- _Prompt_
Set down word for word the lines that begin the entries and run through the line containing "(part 2 of 2)". Give nothing further.

- _Dataset_
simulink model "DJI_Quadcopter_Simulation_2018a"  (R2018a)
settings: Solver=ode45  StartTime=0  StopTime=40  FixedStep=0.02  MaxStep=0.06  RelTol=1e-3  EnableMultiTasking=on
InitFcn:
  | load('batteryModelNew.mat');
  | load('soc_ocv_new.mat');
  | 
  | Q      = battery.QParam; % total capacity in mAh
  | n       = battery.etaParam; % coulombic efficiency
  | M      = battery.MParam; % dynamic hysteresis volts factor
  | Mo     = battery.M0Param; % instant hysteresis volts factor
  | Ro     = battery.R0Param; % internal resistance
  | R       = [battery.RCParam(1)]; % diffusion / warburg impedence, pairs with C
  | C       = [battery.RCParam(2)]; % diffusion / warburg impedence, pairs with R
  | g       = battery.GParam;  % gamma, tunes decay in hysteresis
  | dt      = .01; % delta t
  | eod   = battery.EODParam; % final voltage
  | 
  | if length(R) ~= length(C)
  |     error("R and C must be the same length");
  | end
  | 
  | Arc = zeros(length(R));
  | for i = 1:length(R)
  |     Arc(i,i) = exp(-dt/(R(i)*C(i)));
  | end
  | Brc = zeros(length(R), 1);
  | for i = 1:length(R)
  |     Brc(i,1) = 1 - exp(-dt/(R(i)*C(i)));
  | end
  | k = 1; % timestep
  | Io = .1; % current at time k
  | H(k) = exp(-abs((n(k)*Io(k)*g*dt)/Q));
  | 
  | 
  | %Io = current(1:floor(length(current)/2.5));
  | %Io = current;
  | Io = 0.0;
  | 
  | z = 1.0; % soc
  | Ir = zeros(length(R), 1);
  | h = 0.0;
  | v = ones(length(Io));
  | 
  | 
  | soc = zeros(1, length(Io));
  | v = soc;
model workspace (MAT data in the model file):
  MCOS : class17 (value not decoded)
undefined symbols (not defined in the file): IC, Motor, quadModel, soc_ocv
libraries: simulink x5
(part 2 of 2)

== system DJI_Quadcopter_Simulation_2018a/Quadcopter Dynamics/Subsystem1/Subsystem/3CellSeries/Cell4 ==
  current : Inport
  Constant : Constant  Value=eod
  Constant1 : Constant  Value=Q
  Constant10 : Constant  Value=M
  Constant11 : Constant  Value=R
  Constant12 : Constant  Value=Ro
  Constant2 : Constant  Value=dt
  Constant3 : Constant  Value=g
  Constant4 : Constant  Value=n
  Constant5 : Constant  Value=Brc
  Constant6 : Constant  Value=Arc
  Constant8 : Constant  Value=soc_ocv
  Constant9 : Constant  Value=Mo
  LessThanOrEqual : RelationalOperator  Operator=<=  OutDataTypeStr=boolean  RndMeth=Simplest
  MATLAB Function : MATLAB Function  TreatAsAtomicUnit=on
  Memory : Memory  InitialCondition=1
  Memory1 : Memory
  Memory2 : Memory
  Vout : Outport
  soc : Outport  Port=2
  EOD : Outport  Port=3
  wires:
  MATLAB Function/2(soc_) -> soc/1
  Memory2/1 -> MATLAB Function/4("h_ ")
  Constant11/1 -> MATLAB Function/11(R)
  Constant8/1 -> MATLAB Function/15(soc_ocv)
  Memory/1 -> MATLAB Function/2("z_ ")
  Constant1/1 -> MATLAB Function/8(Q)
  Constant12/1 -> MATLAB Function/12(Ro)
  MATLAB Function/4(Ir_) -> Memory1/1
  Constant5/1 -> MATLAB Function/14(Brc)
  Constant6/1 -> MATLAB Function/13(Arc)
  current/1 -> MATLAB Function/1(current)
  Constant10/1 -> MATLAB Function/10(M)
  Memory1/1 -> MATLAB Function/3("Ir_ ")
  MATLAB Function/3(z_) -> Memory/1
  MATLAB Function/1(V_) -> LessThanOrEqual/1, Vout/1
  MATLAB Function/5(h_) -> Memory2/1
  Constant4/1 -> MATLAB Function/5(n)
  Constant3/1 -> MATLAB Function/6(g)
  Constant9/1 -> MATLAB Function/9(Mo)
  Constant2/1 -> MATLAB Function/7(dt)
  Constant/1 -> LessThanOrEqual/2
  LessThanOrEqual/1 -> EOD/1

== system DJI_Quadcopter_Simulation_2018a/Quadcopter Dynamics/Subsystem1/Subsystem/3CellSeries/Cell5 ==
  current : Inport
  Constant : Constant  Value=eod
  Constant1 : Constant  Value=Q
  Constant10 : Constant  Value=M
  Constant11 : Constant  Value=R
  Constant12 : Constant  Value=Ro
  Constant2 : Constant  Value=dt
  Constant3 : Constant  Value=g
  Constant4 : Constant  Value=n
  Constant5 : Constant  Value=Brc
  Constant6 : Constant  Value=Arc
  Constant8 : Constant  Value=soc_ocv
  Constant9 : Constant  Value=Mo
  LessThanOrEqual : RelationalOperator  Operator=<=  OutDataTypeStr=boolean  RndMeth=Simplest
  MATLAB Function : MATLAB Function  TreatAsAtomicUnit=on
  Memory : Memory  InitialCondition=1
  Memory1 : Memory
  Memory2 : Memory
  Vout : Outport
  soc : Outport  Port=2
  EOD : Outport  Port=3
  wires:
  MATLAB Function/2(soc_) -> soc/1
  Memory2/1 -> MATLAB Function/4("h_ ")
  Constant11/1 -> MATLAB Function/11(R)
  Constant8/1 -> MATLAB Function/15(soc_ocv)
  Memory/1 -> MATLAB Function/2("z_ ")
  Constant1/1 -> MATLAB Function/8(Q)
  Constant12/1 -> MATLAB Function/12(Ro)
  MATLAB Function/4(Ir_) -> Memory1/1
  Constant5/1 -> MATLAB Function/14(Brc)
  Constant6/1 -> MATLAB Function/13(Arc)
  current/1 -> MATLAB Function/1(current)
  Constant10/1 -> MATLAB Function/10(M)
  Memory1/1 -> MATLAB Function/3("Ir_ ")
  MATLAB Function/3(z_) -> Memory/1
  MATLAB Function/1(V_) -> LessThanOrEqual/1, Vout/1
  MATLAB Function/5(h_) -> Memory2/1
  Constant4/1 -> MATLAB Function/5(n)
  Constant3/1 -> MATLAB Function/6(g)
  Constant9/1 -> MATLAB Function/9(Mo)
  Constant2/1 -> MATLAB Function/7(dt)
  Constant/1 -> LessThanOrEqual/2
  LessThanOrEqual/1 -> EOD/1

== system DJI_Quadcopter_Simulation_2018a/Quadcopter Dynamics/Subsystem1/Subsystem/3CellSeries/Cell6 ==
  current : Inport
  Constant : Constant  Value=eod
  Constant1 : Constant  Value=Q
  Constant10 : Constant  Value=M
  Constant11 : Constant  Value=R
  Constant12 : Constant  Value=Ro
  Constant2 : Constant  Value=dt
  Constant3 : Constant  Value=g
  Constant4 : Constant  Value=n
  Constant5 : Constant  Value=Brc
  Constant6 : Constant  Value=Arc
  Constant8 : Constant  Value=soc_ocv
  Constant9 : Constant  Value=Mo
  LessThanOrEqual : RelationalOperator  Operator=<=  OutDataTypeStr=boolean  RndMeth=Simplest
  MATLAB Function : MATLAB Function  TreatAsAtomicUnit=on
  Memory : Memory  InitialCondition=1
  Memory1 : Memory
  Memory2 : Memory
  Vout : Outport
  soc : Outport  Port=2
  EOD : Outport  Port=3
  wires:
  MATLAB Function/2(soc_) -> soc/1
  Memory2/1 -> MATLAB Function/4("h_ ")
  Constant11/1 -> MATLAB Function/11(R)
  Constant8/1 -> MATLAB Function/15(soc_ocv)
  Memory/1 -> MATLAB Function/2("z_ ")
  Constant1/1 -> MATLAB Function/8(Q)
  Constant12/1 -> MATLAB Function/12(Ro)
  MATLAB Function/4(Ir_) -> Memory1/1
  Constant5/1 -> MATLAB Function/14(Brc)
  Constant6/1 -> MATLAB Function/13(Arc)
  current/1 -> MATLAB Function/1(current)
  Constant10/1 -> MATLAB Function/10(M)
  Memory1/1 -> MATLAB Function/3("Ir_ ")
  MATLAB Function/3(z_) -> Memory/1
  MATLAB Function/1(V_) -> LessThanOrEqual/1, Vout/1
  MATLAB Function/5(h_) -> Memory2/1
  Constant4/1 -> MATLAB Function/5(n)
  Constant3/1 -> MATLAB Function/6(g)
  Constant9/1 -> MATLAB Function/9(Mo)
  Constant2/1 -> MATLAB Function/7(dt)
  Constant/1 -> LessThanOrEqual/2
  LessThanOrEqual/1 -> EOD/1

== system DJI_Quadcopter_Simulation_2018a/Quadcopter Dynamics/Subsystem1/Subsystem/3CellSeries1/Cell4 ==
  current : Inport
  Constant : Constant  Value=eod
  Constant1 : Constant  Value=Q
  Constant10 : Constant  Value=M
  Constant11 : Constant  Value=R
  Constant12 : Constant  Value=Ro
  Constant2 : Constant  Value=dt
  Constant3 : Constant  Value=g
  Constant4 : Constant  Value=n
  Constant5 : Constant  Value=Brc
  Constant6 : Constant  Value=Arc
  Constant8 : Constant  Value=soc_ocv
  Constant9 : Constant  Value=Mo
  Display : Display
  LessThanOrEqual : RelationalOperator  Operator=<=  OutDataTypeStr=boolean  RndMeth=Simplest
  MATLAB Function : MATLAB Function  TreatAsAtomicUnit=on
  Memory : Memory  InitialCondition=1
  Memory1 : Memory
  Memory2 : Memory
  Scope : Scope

- _Answer box_
simulink model "DJI_Quadcopter_Simulation_2018a"  (R2018a)
settings: Solver=ode45  StartTime=0  StopTime=40  FixedStep=0.02  MaxStep=0.06  RelTol=1e-3  EnableMultiTasking=on
InitFcn:
  | load('batteryModelNew.mat');
  | load('soc_ocv_new.mat');
  | 
  | Q      = battery.QParam; % total capacity in mAh
  | n       = battery.etaParam; % coulombic efficiency
  | M      = battery.MParam; % dynamic hysteresis volts factor
  | Mo     = battery.M0Param; % instant hysteresis volts factor
  | Ro     = battery.R0Param; % internal resistance
  | R       = [battery.RCParam(1)]; % diffusion / warburg impedence, pairs with C
  | C       = [battery.RCParam(2)]; % diffusion / warburg impedence, pairs with R
  | g       = battery.GParam;  % gamma, tunes decay in hysteresis
  | dt      = .01; % delta t
  | eod   = battery.EODParam; % final voltage
  | 
  | if length(R) ~= length(C)
  |     error("R and C must be the same length");
  | end
  | 
  | Arc = zeros(length(R));
  | for i = 1:length(R)
  |     Arc(i,i) = exp(-dt/(R(i)*C(i)));
  | end
  | Brc = zeros(length(R), 1);
  | for i = 1:length(R)
  |     Brc(i,1) = 1 - exp(-dt/(R(i)*C(i)));
  | end
  | k = 1; % timestep
  | Io = .1; % current at time k
  | H(k) = exp(-abs((n(k)*Io(k)*g*dt)/Q));
  | 
  | 
  | %Io = current(1:floor(length(current)/2.5));
  | %Io = current;
  | Io = 0.0;
  | 
  | z = 1.0; % soc
  | Ir = zeros(length(R), 1);
  | h = 0.0;
  | v = ones(length(Io));
  | 
  | 
  | soc = zeros(1, length(Io));
  | v = soc;
model workspace (MAT data in the model file):
  MCOS : class17 (value not decoded)
undefined symbols (not defined in the file): IC, Motor, quadModel, soc_ocv
libraries: simulink x5
(part 2 of 2)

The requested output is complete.